#### What is needed
Go through the entries below and print, exactly, the lines starting at the one with "#48=DIRECTION('',(0.,1.,0.));" and ending at the one with "#95=CARTESIAN_POINT('',(0.,23.6516853932584,0.));", keeping both ends and no others.

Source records

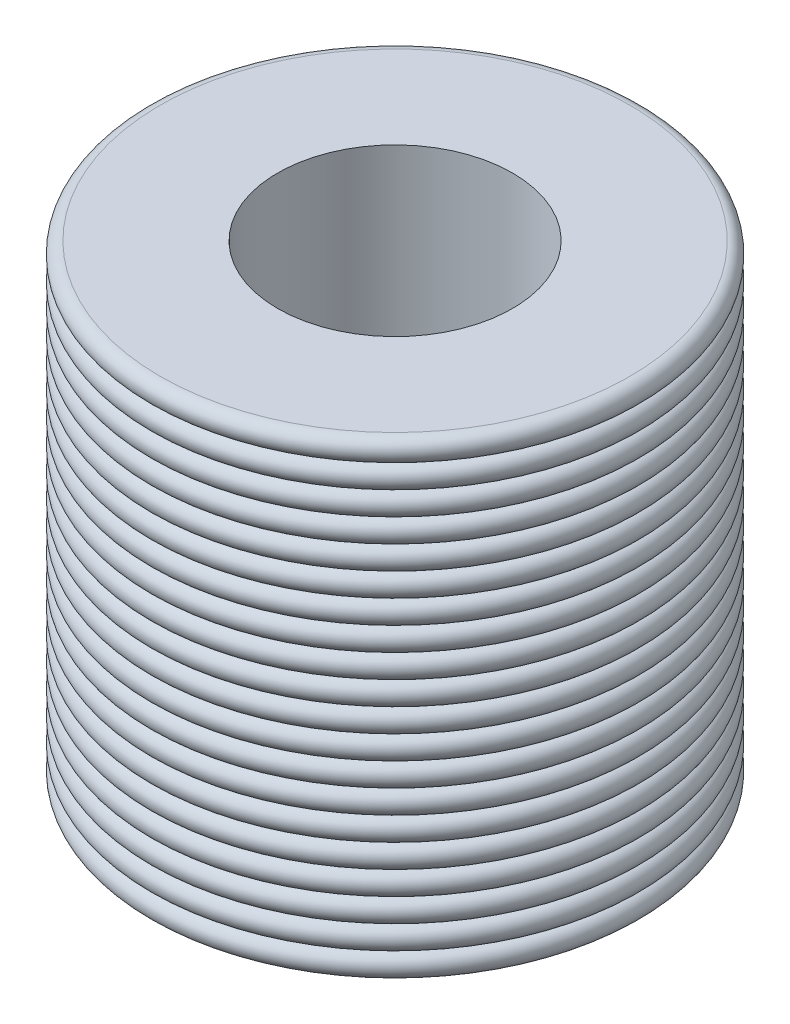
ISO-10303-21;
HEADER;
FILE_DESCRIPTION(('STEP AP214'),'2;1');
FILE_NAME('part.step','',(''),(''),'','','');
FILE_SCHEMA(('AUTOMOTIVE_DESIGN { 1 0 10303 214 1 1 1 1 }'));
ENDSEC;
DATA;
#1=APPLICATION_CONTEXT('core data for automotive mechanical design processes');
#2=APPLICATION_PROTOCOL_DEFINITION('international standard','automotive_design',2000,#1);
#3=PRODUCT_CONTEXT('',#1,'mechanical');
#4=PRODUCT('Part','Part','',(#3));
#5=PRODUCT_RELATED_PRODUCT_CATEGORY('part','',(#4));
#6=PRODUCT_DEFINITION_FORMATION('','',#4);
#7=PRODUCT_DEFINITION_CONTEXT('part definition',#1,'design');
#8=PRODUCT_DEFINITION('design','',#6,#7);
#9=PRODUCT_DEFINITION_SHAPE('','',#8);
#10=(LENGTH_UNIT() NAMED_UNIT(*) SI_UNIT(.MILLI.,.METRE.));
#11=(NAMED_UNIT(*) PLANE_ANGLE_UNIT() SI_UNIT($,.RADIAN.));
#12=(NAMED_UNIT(*) SI_UNIT($,.STERADIAN.) SOLID_ANGLE_UNIT());
#13=UNCERTAINTY_MEASURE_WITH_UNIT(LENGTH_MEASURE(1.E-05),#10,'distance_accuracy_value','');
#14=(GEOMETRIC_REPRESENTATION_CONTEXT(3) GLOBAL_UNCERTAINTY_ASSIGNED_CONTEXT((#13)) GLOBAL_UNIT_ASSIGNED_CONTEXT((#10,
#11,#12)) REPRESENTATION_CONTEXT('',''));
#15=CARTESIAN_POINT('',(0.,0.,0.));
#16=DIRECTION('',(0.,0.,1.));
#17=DIRECTION('',(1.,0.,0.));
#18=AXIS2_PLACEMENT_3D('',#15,#16,#17);
#19=CARTESIAN_POINT('',(0.,-13.3483146067416,0.));
#20=DIRECTION('',(0.,1.,0.));
#21=DIRECTION('',(0.,0.,1.));
#22=AXIS2_PLACEMENT_3D('',#19,#20,#21);
#23=TOROIDAL_SURFACE('',#22,20.,1.);
#24=CARTESIAN_POINT('',(0.,-14.3483146067416,0.));
#25=DIRECTION('',(0.,1.,0.));
#26=DIRECTION('',(0.,0.,1.));
#27=AXIS2_PLACEMENT_3D('',#24,#25,#26);
#28=CIRCLE('',#27,20.);
#29=CARTESIAN_POINT('',(0.,-14.3483146067416,20.));
#30=VERTEX_POINT('',#29);
#31=EDGE_CURVE('E10',#30,#30,#28,.T.);
#32=ORIENTED_EDGE('',*,*,#31,.T.);
#33=EDGE_LOOP('',(#32));
#34=FACE_BOUND('',#33,.T.);
#35=CARTESIAN_POINT('',(0.,-12.3483146067416,0.));
#36=DIRECTION('',(0.,1.,0.));
#37=DIRECTION('',(0.,0.,1.));
#38=AXIS2_PLACEMENT_3D('',#35,#36,#37);
#39=CIRCLE('',#38,20.);
#40=CARTESIAN_POINT('',(0.,-12.3483146067416,20.));
#41=VERTEX_POINT('',#40);
#42=EDGE_CURVE('E136',#41,#41,#39,.T.);
#43=ORIENTED_EDGE('',*,*,#42,.F.);
#44=EDGE_LOOP('',(#43));
#45=FACE_BOUND('',#44,.T.);
#46=ADVANCED_FACE('F40',(#34,#45),#23,.T.);
#47=CARTESIAN_POINT('',(0.,-15.3483146067416,0.));
#48=DIRECTION('',(0.,1.,0.));
#49=DIRECTION('',(0.,0.,1.));
#50=AXIS2_PLACEMENT_3D('',#47,#48,#49);
#51=TOROIDAL_SURFACE('',#50,20.,0.999999999999998);
#52=CARTESIAN_POINT('',(0.,-16.3483146067416,0.));
#53=DIRECTION('',(0.,1.,0.));
#54=DIRECTION('',(0.,0.,1.));
#55=AXIS2_PLACEMENT_3D('',#52,#53,#54);
#56=CIRCLE('',#55,20.);
#57=CARTESIAN_POINT('',(0.,-16.3483146067416,20.));
#58=VERTEX_POINT('',#57);
#59=EDGE_CURVE('E47',#58,#58,#56,.T.);
#60=ORIENTED_EDGE('',*,*,#59,.T.);
#61=EDGE_LOOP('',(#60));
#62=FACE_BOUND('',#61,.T.);
#63=ORIENTED_EDGE('',*,*,#31,.F.);
#64=EDGE_LOOP('',(#63));
#65=FACE_BOUND('',#64,.T.);
#66=ADVANCED_FACE('F144',(#62,#65),#51,.T.);
#67=CARTESIAN_POINT('',(0.,-16.3483146067416,0.));
#68=DIRECTION('',(0.,1.,0.));
#69=DIRECTION('',(0.,0.,1.));
#70=AXIS2_PLACEMENT_3D('',#67,#68,#69);
#71=PLANE('',#70);
#72=ORIENTED_EDGE('',*,*,#59,.F.);
#73=EDGE_LOOP('',(#72));
#74=FACE_BOUND('',#73,.T.);
#75=CARTESIAN_POINT('',(0.,-16.3483146067416,0.));
#76=DIRECTION('',(0.,1.,0.));
#77=DIRECTION('',(0.,0.,1.));
#78=AXIS2_PLACEMENT_3D('',#75,#76,#77);
#79=CIRCLE('',#78,10.);
#80=CARTESIAN_POINT('',(0.,-16.3483146067416,10.));
#81=VERTEX_POINT('',#80);
#82=EDGE_CURVE('E54',#81,#81,#79,.T.);
#83=ORIENTED_EDGE('',*,*,#82,.T.);
#84=EDGE_LOOP('',(#83));
#85=FACE_BOUND('',#84,.T.);
#86=ADVANCED_FACE('F148',(#74,#85),#71,.F.);
#87=CARTESIAN_POINT('',(0.,24.6629213483146,0.));
#88=DIRECTION('',(0.,1.,0.));
#89=DIRECTION('',(0.,0.,1.));
#90=AXIS2_PLACEMENT_3D('',#87,#88,#89);
#91=CYLINDRICAL_SURFACE('',#90,10.);
#92=ORIENTED_EDGE('',*,*,#82,.F.);
#93=EDGE_LOOP('',(#92));
#94=FACE_BOUND('',#93,.T.);
#95=CARTESIAN_POINT('',(0.,23.6516853932584,0.));
#96=DIRECTION('',(0.,1.,0.));
#97=DIRECTION('',(0.,0.,1.));
#98=AXIS2_PLACEMENT_3D('',#95,#96,#97);
#99=CIRCLE('',#98,10.);
#100=CARTESIAN_POINT('',(0.,23.6516853932584,10.));
#101=VERTEX_POINT('',#100);
#102=EDGE_CURVE('E61',#101,#101,#99,.T.);
#103=ORIENTED_EDGE('',*,*,#102,.T.);
#104=EDGE_LOOP('',(#103));
#105=FACE_BOUND('',#104,.T.);
#106=ADVANCED_FACE('F152',(#94,#105),#91,.F.);
#107=CARTESIAN_POINT('',(0.,23.6516853932584,0.));
#108=DIRECTION('',(0.,1.,0.));
#109=DIRECTION('',(0.,0.,1.));
#110=AXIS2_PLACEMENT_3D('',#107,#108,#109);
#111=PLANE('',#110);
#112=CARTESIAN_POINT('',(0.,23.6516853932584,0.));
#113=DIRECTION('',(0.,1.,0.));
#114=DIRECTION('',(0.,0.,1.));
#115=AXIS2_PLACEMENT_3D('',#112,#113,#114);
#116=CIRCLE('',#115,20.);
#117=CARTESIAN_POINT('',(0.,23.6516853932584,20.));
#118=VERTEX_POINT('',#117);
#119=EDGE_CURVE('E67',#118,#118,#116,.T.);
#120=ORIENTED_EDGE('',*,*,#119,.T.);
#121=EDGE_LOOP('',(#120));
#122=FACE_BOUND('',#121,.T.);
#123=ORIENTED_EDGE('',*,*,#102,.F.);
#124=EDGE_LOOP('',(#123));
#125=FACE_BOUND('',#124,.T.);
#126=ADVANCED_FACE('F159',(#122,#125),#111,.T.);
#127=CARTESIAN_POINT('',(0.,22.6516853932584,0.));
#128=DIRECTION('',(0.,1.,0.));
#129=DIRECTION('',(0.,0.,1.));
#130=AXIS2_PLACEMENT_3D('',#127,#128,#129);
#131=TOROIDAL_SURFACE('',#130,20.,0.999999999999999);
#132=CARTESIAN_POINT('',(0.,21.6516853932584,0.));
#133=DIRECTION('',(0.,1.,0.));
#134=DIRECTION('',(0.,0.,1.));
#135=AXIS2_PLACEMENT_3D('',#132,#133,#134);
#136=CIRCLE('',#135,20.);
#137=CARTESIAN_POINT('',(0.,21.6516853932584,20.));
#138=VERTEX_POINT('',#137);
#139=EDGE_CURVE('E71',#138,#138,#136,.T.);
#140=ORIENTED_EDGE('',*,*,#139,.T.);
#141=EDGE_LOOP('',(#140));
#142=FACE_BOUND('',#141,.T.);
#143=ORIENTED_EDGE('',*,*,#119,.F.);
#144=EDGE_LOOP('',(#143));
#145=FACE_BOUND('',#144,.T.);
#146=ADVANCED_FACE('F163',(#142,#145),#131,.T.);
#147=CARTESIAN_POINT('',(0.,20.6516853932584,0.));
#148=DIRECTION('',(0.,1.,0.));
#149=DIRECTION('',(0.,0.,1.));
#150=AXIS2_PLACEMENT_3D('',#147,#148,#149);
#151=TOROIDAL_SURFACE('',#150,20.,0.999999999999999);
#152=CARTESIAN_POINT('',(0.,19.6516853932584,0.));
#153=DIRECTION('',(0.,1.,0.));
#154=DIRECTION('',(0.,0.,1.));
#155=AXIS2_PLACEMENT_3D('',#152,#153,#154);
#156=CIRCLE('',#155,20.);
#157=CARTESIAN_POINT('',(0.,19.6516853932584,20.));
#158=VERTEX_POINT('',#157);
#159=EDGE_CURVE('E74',#158,#158,#156,.T.);
#160=ORIENTED_EDGE('',*,*,#159,.T.);
#161=EDGE_LOOP('',(#160));
#162=FACE_BOUND('',#161,.T.);
#163=ORIENTED_EDGE('',*,*,#139,.F.);
#164=EDGE_LOOP('',(#163));
#165=FACE_BOUND('',#164,.T.);
#166=ADVANCED_FACE('F167',(#162,#165),#151,.T.);
#167=CARTESIAN_POINT('',(0.,18.6516853932584,0.));
#168=DIRECTION('',(0.,1.,0.));
#169=DIRECTION('',(0.,0.,1.));
#170=AXIS2_PLACEMENT_3D('',#167,#168,#169);
#171=TOROIDAL_SURFACE('',#170,20.,1.);
#172=CARTESIAN_POINT('',(0.,17.6516853932584,0.));
#173=DIRECTION('',(0.,1.,0.));
#174=DIRECTION('',(0.,0.,1.));
#175=AXIS2_PLACEMENT_3D('',#172,#173,#174);
#176=CIRCLE('',#175,20.);
#177=CARTESIAN_POINT('',(0.,17.6516853932584,20.));
#178=VERTEX_POINT('',#177);
#179=EDGE_CURVE('E78',#178,#178,#176,.T.);
#180=ORIENTED_EDGE('',*,*,#179,.T.);
#181=EDGE_LOOP('',(#180));
#182=FACE_BOUND('',#181,.T.);
#183=ORIENTED_EDGE('',*,*,#159,.F.);
#184=EDGE_LOOP('',(#183));
#185=FACE_BOUND('',#184,.T.);
#186=ADVANCED_FACE('F171',(#182,#185),#171,.T.);
#187=CARTESIAN_POINT('',(0.,16.6516853932584,0.));
#188=DIRECTION('',(0.,1.,0.));
#189=DIRECTION('',(0.,0.,1.));
#190=AXIS2_PLACEMENT_3D('',#187,#188,#189);
#191=TOROIDAL_SURFACE('',#190,20.,1.);
#192=CARTESIAN_POINT('',(0.,15.6516853932584,0.));
#193=DIRECTION('',(0.,1.,0.));
#194=DIRECTION('',(0.,0.,1.));
#195=AXIS2_PLACEMENT_3D('',#192,#193,#194);
#196=CIRCLE('',#195,20.);
#197=CARTESIAN_POINT('',(0.,15.6516853932584,20.));
#198=VERTEX_POINT('',#197);
#199=EDGE_CURVE('E82',#198,#198,#196,.T.);
#200=ORIENTED_EDGE('',*,*,#199,.T.);
#201=EDGE_LOOP('',(#200));
#202=FACE_BOUND('',#201,.T.);
#203=ORIENTED_EDGE('',*,*,#179,.F.);
#204=EDGE_LOOP('',(#203));
#205=FACE_BOUND('',#204,.T.);
#206=ADVANCED_FACE('F175',(#202,#205),#191,.T.);
#207=CARTESIAN_POINT('',(0.,14.6516853932584,0.));
#208=DIRECTION('',(0.,1.,0.));
#209=DIRECTION('',(0.,0.,1.));
#210=AXIS2_PLACEMENT_3D('',#207,#208,#209);
#211=TOROIDAL_SURFACE('',#210,20.,0.999999999999999);
#212=CARTESIAN_POINT('',(0.,13.6516853932584,0.));
#213=DIRECTION('',(0.,1.,0.));
#214=DIRECTION('',(0.,0.,1.));
#215=AXIS2_PLACEMENT_3D('',#212,#213,#214);
#216=CIRCLE('',#215,20.);
#217=CARTESIAN_POINT('',(0.,13.6516853932584,20.));
#218=VERTEX_POINT('',#217);
#219=EDGE_CURVE('E86',#218,#218,#216,.T.);
#220=ORIENTED_EDGE('',*,*,#219,.T.);
#221=EDGE_LOOP('',(#220));
#222=FACE_BOUND('',#221,.T.);
#223=ORIENTED_EDGE('',*,*,#199,.F.);
#224=EDGE_LOOP('',(#223));
#225=FACE_BOUND('',#224,.T.);
#226=ADVANCED_FACE('F179',(#222,#225),#211,.T.);
#227=CARTESIAN_POINT('',(0.,12.6516853932584,0.));
#228=DIRECTION('',(0.,1.,0.));
#229=DIRECTION('',(0.,0.,1.));
#230=AXIS2_PLACEMENT_3D('',#227,#228,#229);
#231=TOROIDAL_SURFACE('',#230,20.,1.);
#232=CARTESIAN_POINT('',(0.,11.6516853932584,0.));
#233=DIRECTION('',(0.,1.,0.));
#234=DIRECTION('',(0.,0.,1.));
#235=AXIS2_PLACEMENT_3D('',#232,#233,#234);
#236=CIRCLE('',#235,20.);
#237=CARTESIAN_POINT('',(0.,11.6516853932584,20.));
#238=VERTEX_POINT('',#237);
#239=EDGE_CURVE('E90',#238,#238,#236,.T.);
#240=ORIENTED_EDGE('',*,*,#239,.T.);
#241=EDGE_LOOP('',(#240));
#242=FACE_BOUND('',#241,.T.);
#243=ORIENTED_EDGE('',*,*,#219,.F.);
#244=EDGE_LOOP('',(#243));
#245=FACE_BOUND('',#244,.T.);
#246=ADVANCED_FACE('F183',(#242,#245),#231,.T.);
#247=CARTESIAN_POINT('',(0.,10.6516853932584,0.));
#248=DIRECTION('',(0.,1.,0.));
#249=DIRECTION('',(0.,0.,1.));
#250=AXIS2_PLACEMENT_3D('',#247,#248,#249);
#251=TOROIDAL_SURFACE('',#250,20.,1.);
#252=CARTESIAN_POINT('',(0.,9.65168539325844,0.));
#253=DIRECTION('',(0.,1.,0.));
#254=DIRECTION('',(0.,0.,1.));
#255=AXIS2_PLACEMENT_3D('',#252,#253,#254);
#256=CIRCLE('',#255,20.);
#257=CARTESIAN_POINT('',(0.,9.65168539325844,20.));
#258=VERTEX_POINT('',#257);
#259=EDGE_CURVE('E94',#258,#258,#256,.T.);
#260=ORIENTED_EDGE('',*,*,#259,.T.);
#261=EDGE_LOOP('',(#260));
#262=FACE_BOUND('',#261,.T.);
#263=ORIENTED_EDGE('',*,*,#239,.F.);
#264=EDGE_LOOP('',(#263));
#265=FACE_BOUND('',#264,.T.);
#266=ADVANCED_FACE('F187',(#262,#265),#251,.T.);
#267=CARTESIAN_POINT('',(0.,8.65168539325844,0.));
#268=DIRECTION('',(0.,1.,0.));
#269=DIRECTION('',(0.,0.,1.));
#270=AXIS2_PLACEMENT_3D('',#267,#268,#269);
#271=TOROIDAL_SURFACE('',#270,20.,1.);
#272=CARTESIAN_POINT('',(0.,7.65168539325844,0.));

#### Exercise output
#48=DIRECTION('',(0.,1.,0.));
#49=DIRECTION('',(0.,0.,1.));
#50=AXIS2_PLACEMENT_3D('',#47,#48,#49);
#51=TOROIDAL_SURFACE('',#50,20.,0.999999999999998);
#52=CARTESIAN_POINT('',(0.,-16.3483146067416,0.));
#53=DIRECTION('',(0.,1.,0.));
#54=DIRECTION('',(0.,0.,1.));
#55=AXIS2_PLACEMENT_3D('',#52,#53,#54);
#56=CIRCLE('',#55,20.);
#57=CARTESIAN_POINT('',(0.,-16.3483146067416,20.));
#58=VERTEX_POINT('',#57);
#59=EDGE_CURVE('E47',#58,#58,#56,.T.);
#60=ORIENTED_EDGE('',*,*,#59,.T.);
#61=EDGE_LOOP('',(#60));
#62=FACE_BOUND('',#61,.T.);
#63=ORIENTED_EDGE('',*,*,#31,.F.);
#64=EDGE_LOOP('',(#63));
#65=FACE_BOUND('',#64,.T.);
#66=ADVANCED_FACE('F144',(#62,#65),#51,.T.);
#67=CARTESIAN_POINT('',(0.,-16.3483146067416,0.));
#68=DIRECTION('',(0.,1.,0.));
#69=DIRECTION('',(0.,0.,1.));
#70=AXIS2_PLACEMENT_3D('',#67,#68,#69);
#71=PLANE('',#70);
#72=ORIENTED_EDGE('',*,*,#59,.F.);
#73=EDGE_LOOP('',(#72));
#74=FACE_BOUND('',#73,.T.);
#75=CARTESIAN_POINT('',(0.,-16.3483146067416,0.));
#76=DIRECTION('',(0.,1.,0.));
#77=DIRECTION('',(0.,0.,1.));
#78=AXIS2_PLACEMENT_3D('',#75,#76,#77);
#79=CIRCLE('',#78,10.);
#80=CARTESIAN_POINT('',(0.,-16.3483146067416,10.));
#81=VERTEX_POINT('',#80);
#82=EDGE_CURVE('E54',#81,#81,#79,.T.);
#83=ORIENTED_EDGE('',*,*,#82,.T.);
#84=EDGE_LOOP('',(#83));
#85=FACE_BOUND('',#84,.T.);
#86=ADVANCED_FACE('F148',(#74,#85),#71,.F.);
#87=CARTESIAN_POINT('',(0.,24.6629213483146,0.));
#88=DIRECTION('',(0.,1.,0.));
#89=DIRECTION('',(0.,0.,1.));
#90=AXIS2_PLACEMENT_3D('',#87,#88,#89);
#91=CYLINDRICAL_SURFACE('',#90,10.);
#92=ORIENTED_EDGE('',*,*,#82,.F.);
#93=EDGE_LOOP('',(#92));
#94=FACE_BOUND('',#93,.T.);
#95=CARTESIAN_POINT('',(0.,23.6516853932584,0.));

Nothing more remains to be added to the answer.